** Opening Supplied material block **
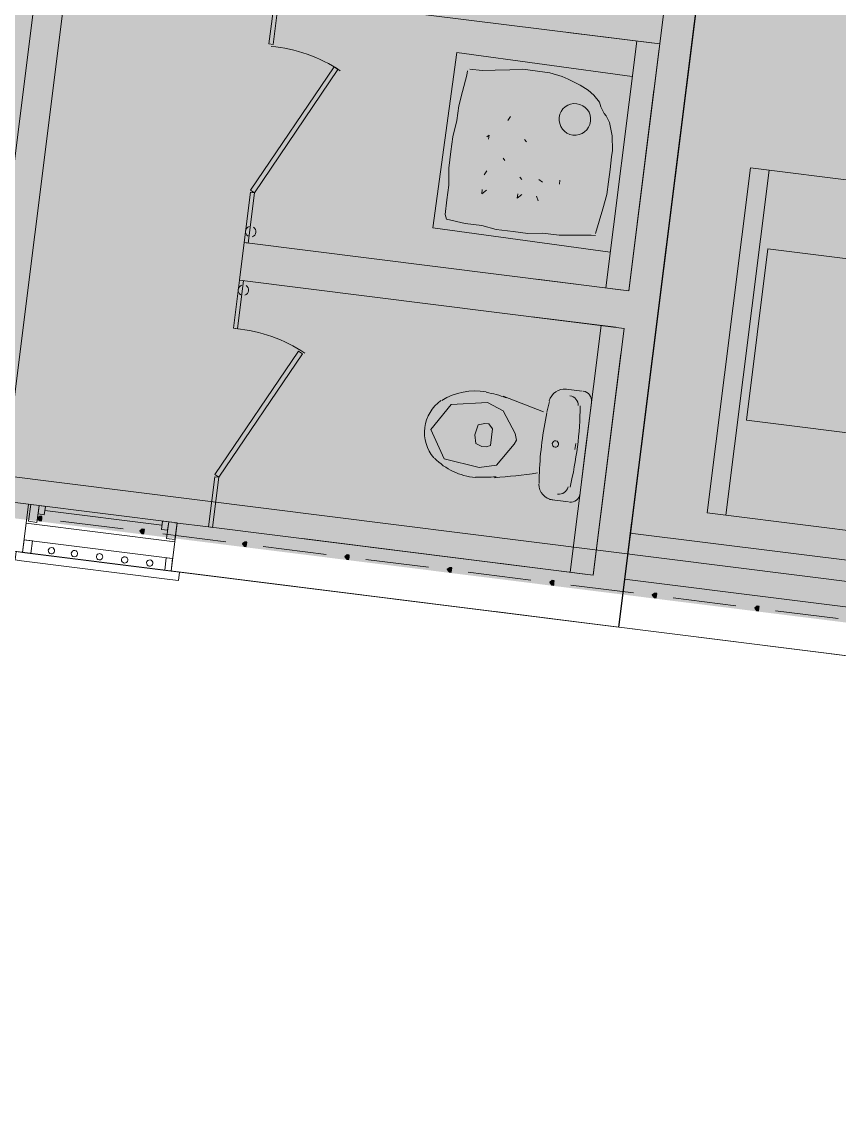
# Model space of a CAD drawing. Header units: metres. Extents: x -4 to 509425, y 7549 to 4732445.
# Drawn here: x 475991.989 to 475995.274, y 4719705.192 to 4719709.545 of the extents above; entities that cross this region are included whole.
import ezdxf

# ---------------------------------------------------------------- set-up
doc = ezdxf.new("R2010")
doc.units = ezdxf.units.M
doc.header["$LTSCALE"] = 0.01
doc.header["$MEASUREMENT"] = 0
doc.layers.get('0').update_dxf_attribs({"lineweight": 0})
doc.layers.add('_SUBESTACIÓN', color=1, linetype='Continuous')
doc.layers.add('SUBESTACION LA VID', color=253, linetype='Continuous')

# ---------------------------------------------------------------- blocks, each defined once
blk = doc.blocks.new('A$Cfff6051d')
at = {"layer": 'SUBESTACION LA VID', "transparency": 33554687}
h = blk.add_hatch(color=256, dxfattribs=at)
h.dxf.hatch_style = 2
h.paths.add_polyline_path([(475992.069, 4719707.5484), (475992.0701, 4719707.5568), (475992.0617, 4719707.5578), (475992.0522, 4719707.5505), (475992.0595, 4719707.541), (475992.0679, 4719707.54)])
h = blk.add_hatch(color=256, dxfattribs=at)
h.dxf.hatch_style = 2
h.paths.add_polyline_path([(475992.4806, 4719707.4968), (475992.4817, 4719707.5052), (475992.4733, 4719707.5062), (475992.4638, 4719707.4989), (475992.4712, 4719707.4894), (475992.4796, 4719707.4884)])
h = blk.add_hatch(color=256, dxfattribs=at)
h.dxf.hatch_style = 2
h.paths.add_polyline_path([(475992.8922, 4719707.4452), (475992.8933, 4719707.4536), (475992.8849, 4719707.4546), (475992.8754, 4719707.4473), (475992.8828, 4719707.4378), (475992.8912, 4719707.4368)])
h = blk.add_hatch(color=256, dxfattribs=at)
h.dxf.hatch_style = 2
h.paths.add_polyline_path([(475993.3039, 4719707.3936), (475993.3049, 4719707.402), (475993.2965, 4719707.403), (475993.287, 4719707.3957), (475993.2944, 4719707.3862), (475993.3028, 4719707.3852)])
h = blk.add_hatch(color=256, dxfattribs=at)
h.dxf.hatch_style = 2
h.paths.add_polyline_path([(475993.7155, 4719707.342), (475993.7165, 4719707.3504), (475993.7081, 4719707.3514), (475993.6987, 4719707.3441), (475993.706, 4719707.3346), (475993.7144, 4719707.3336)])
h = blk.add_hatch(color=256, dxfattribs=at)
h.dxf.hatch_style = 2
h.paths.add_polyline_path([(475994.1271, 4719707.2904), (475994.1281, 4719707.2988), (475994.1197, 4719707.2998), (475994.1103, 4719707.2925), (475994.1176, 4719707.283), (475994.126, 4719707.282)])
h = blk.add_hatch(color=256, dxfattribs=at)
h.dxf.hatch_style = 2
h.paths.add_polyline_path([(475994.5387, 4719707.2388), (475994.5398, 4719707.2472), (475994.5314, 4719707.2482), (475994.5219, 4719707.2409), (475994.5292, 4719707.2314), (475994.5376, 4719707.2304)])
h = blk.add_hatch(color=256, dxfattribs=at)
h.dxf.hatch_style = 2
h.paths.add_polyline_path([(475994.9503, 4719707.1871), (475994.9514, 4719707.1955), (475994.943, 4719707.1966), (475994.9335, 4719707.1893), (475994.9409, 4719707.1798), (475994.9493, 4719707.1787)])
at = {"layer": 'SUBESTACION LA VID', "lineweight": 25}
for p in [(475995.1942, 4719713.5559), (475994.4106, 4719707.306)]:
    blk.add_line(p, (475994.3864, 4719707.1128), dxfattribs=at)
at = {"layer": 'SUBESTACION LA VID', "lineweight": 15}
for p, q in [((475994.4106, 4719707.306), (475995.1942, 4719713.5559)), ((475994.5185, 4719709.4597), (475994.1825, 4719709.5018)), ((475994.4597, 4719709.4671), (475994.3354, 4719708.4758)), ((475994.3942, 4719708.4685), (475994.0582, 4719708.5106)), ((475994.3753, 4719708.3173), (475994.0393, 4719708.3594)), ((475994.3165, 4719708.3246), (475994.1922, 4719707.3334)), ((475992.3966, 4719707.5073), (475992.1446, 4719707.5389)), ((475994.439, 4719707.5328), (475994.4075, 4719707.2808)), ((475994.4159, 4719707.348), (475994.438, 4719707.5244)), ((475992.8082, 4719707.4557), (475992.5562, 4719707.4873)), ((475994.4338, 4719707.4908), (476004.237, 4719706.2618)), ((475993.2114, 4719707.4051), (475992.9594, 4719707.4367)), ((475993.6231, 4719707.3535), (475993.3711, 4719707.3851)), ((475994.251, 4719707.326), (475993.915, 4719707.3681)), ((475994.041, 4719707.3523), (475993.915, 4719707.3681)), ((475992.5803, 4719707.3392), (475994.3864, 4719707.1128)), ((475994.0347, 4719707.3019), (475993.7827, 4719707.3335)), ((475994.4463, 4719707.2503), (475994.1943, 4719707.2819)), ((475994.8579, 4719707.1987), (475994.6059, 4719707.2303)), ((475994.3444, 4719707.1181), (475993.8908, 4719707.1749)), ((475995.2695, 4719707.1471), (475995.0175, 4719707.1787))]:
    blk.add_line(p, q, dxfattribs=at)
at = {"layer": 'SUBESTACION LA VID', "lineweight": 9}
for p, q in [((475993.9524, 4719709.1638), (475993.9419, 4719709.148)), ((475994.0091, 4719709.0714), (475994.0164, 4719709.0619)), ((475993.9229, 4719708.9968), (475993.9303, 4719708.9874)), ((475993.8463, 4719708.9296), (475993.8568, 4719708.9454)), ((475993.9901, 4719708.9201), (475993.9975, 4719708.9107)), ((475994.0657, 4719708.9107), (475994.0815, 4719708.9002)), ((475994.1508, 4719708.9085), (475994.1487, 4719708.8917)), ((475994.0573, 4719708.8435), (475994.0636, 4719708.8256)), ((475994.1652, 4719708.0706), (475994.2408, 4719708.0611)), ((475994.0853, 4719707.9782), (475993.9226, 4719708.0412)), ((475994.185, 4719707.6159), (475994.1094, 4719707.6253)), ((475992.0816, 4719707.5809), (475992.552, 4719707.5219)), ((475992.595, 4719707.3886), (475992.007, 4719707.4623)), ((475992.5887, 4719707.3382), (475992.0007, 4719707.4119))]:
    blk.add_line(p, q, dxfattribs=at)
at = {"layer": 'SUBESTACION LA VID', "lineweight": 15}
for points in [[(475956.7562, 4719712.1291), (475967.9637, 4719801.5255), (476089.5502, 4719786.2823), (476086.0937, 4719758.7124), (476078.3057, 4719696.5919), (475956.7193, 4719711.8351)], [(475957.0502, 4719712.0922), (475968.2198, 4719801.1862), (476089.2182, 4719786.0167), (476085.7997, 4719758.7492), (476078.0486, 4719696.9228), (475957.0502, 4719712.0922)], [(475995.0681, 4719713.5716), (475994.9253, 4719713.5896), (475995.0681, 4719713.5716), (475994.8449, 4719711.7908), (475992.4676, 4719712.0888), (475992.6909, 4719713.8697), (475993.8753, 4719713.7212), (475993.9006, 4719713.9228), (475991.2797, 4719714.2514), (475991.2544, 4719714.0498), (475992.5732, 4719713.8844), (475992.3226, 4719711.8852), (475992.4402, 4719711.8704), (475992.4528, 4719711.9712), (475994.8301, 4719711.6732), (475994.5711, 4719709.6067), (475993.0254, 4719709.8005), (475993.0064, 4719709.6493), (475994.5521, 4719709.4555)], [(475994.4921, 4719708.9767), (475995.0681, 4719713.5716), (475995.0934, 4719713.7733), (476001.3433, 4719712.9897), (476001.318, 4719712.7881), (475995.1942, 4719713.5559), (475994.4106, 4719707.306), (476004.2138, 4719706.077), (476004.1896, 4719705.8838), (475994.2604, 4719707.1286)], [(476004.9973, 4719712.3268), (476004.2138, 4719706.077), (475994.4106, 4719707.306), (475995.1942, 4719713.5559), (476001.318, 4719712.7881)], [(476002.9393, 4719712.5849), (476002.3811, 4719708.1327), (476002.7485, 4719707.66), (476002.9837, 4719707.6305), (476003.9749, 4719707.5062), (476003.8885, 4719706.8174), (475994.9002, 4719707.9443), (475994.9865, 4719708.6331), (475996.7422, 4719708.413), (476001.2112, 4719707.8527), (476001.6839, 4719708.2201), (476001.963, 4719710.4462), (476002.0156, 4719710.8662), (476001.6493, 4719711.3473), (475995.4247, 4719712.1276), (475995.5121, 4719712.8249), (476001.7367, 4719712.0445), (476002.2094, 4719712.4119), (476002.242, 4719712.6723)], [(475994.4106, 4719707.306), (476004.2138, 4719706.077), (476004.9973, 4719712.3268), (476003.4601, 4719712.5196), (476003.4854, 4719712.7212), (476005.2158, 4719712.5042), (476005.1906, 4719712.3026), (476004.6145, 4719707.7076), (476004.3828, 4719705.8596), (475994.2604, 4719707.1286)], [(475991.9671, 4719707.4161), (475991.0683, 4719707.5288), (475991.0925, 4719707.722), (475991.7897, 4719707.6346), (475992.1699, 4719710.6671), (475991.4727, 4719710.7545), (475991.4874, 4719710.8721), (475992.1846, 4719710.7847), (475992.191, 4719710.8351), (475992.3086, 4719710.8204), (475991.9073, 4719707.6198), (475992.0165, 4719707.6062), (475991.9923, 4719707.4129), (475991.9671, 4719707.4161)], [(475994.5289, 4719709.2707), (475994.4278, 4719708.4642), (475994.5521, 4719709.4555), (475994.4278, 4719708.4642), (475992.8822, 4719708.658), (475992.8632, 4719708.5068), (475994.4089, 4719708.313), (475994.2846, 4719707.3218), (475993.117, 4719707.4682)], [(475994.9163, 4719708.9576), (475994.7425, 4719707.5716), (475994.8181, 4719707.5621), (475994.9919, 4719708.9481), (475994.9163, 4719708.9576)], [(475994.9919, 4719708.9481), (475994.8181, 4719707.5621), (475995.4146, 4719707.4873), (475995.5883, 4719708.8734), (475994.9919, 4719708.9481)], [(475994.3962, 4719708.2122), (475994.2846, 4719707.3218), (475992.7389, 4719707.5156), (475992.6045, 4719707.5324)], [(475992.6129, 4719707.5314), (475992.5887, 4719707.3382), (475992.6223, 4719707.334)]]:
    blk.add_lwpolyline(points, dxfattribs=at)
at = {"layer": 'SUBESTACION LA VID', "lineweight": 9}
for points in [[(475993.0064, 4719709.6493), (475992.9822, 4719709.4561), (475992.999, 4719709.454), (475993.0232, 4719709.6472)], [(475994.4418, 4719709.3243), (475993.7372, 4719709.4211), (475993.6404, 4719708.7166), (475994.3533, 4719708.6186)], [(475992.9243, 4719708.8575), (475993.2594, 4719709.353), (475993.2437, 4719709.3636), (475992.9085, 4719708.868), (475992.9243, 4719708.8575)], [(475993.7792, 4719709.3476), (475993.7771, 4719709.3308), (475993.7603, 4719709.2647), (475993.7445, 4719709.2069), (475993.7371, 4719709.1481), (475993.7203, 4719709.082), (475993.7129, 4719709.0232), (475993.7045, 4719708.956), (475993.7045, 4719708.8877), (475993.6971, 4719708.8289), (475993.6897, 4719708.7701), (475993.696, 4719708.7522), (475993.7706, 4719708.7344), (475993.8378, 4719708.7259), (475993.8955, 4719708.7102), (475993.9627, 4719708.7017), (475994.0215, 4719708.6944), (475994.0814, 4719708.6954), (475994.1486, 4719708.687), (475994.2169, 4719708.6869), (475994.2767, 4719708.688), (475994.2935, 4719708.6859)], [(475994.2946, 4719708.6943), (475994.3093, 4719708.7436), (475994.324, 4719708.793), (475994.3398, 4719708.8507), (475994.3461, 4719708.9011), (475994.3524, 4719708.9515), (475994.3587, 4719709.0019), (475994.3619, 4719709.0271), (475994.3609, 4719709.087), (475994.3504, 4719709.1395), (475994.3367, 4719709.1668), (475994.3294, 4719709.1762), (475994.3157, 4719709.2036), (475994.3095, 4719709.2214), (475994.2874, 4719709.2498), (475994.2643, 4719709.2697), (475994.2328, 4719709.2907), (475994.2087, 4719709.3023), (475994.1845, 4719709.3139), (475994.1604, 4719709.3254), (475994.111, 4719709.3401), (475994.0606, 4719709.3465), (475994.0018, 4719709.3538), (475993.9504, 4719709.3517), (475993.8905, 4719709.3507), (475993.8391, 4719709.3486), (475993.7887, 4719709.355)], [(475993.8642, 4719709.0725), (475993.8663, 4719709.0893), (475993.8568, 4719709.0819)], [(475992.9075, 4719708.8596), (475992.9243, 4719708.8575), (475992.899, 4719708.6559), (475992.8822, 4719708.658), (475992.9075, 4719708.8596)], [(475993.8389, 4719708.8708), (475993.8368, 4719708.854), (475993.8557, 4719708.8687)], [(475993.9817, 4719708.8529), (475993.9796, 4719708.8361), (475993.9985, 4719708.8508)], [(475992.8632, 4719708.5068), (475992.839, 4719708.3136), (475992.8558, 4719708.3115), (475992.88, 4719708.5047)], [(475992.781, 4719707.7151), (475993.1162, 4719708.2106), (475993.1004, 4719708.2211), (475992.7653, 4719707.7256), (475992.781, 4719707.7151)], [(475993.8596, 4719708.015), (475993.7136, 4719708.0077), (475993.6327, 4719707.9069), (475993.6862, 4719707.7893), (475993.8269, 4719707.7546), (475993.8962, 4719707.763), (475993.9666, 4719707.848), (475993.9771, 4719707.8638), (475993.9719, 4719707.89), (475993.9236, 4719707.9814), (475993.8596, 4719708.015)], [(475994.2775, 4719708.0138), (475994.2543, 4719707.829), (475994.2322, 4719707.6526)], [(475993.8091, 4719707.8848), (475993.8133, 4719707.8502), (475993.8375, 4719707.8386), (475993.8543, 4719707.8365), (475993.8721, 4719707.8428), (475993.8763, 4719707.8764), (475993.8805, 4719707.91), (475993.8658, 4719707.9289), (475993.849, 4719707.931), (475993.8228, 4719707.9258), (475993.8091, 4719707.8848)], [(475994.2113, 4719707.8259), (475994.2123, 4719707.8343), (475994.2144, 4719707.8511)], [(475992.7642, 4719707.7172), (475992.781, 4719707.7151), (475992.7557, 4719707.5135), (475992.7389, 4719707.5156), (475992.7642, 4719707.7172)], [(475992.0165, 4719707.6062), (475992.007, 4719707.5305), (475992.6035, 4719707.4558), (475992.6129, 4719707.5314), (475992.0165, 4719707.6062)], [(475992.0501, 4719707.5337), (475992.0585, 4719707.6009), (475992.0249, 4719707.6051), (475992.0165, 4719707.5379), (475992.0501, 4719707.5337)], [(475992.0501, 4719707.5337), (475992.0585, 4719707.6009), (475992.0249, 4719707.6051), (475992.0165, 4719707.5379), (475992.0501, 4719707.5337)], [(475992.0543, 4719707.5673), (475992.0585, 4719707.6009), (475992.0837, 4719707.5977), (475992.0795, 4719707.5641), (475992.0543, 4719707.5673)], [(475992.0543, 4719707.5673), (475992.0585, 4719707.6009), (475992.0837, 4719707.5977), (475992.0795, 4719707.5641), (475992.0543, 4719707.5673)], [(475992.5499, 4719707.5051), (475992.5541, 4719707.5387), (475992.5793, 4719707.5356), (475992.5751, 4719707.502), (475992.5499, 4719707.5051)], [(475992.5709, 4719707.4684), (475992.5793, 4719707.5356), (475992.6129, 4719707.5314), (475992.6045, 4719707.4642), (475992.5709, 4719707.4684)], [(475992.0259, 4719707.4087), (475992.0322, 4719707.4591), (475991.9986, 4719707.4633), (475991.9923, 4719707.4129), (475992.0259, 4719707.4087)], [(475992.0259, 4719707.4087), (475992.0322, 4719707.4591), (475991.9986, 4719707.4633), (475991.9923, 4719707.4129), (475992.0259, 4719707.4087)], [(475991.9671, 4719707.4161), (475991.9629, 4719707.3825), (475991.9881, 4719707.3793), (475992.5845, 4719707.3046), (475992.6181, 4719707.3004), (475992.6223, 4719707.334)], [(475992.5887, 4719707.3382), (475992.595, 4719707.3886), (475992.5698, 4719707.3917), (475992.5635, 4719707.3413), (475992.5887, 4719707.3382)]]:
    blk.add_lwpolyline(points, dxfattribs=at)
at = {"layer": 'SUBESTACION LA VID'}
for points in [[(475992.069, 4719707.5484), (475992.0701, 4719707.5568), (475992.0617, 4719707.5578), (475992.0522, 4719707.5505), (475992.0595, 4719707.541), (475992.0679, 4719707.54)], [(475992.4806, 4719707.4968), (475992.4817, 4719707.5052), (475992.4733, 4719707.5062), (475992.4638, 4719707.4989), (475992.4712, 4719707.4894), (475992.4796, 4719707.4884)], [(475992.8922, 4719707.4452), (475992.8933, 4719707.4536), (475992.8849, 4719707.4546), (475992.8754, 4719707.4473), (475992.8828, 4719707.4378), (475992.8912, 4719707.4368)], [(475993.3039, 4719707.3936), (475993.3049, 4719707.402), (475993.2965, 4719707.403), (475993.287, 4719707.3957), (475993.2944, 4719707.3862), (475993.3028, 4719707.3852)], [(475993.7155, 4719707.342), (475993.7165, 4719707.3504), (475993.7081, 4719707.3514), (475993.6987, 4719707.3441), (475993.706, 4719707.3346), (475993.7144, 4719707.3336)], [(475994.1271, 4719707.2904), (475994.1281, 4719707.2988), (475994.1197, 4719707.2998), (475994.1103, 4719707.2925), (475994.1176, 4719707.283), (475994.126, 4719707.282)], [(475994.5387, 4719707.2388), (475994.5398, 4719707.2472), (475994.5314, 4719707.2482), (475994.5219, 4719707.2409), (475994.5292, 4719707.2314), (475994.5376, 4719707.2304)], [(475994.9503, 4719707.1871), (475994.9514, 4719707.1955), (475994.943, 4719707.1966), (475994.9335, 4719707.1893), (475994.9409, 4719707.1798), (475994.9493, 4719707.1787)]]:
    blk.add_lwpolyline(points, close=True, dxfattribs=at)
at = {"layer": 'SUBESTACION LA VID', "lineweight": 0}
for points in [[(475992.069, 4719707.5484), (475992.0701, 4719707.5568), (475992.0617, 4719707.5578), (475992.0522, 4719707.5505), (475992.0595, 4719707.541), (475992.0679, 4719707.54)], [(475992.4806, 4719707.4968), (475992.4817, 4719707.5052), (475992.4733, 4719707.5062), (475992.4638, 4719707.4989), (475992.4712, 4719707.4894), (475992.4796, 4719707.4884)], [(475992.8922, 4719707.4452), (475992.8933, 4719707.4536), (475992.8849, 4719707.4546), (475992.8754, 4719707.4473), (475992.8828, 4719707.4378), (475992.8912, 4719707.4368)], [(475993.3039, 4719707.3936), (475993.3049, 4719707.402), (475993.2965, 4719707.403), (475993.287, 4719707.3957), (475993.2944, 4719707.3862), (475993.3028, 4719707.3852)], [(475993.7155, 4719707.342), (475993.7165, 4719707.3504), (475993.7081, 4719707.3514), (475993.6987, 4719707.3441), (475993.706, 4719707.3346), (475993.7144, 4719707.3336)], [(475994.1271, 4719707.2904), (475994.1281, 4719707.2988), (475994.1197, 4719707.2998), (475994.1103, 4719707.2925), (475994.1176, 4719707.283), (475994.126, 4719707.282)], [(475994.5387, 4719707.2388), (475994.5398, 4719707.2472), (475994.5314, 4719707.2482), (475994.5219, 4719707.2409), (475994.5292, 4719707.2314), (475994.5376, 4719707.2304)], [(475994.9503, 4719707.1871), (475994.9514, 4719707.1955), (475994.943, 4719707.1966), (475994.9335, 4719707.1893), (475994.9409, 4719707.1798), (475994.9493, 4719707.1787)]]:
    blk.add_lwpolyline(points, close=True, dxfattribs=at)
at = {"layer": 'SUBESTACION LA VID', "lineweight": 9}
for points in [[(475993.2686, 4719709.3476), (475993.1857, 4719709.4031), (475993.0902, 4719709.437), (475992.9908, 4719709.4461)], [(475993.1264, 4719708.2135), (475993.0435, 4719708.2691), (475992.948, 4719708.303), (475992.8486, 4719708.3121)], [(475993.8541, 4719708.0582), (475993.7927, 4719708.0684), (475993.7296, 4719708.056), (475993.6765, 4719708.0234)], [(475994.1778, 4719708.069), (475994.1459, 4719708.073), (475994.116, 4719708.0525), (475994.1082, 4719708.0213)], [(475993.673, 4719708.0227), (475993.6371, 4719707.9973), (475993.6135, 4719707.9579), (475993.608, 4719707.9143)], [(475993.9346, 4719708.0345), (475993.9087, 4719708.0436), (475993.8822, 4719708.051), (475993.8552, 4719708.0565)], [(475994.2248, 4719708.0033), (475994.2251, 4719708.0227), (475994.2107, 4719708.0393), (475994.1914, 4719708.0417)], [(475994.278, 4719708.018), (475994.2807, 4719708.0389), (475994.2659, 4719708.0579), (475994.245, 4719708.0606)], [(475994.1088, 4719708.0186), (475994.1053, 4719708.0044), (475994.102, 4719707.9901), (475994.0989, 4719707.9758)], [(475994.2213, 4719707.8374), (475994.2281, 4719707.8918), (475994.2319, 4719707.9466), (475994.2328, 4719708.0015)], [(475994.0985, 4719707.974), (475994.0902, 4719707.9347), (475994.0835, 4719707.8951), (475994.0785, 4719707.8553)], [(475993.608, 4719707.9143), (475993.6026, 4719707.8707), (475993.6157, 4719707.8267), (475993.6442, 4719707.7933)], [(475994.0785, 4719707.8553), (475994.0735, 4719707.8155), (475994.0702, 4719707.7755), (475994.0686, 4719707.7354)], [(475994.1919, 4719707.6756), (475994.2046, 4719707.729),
** Closing Supplied material block **
■ What the task requires
From the entries above, copy out every line where the string "ezdxf" appears.

■ The answer
import ezdxf
doc = ezdxf.new("R2010")
doc.units = ezdxf.units.M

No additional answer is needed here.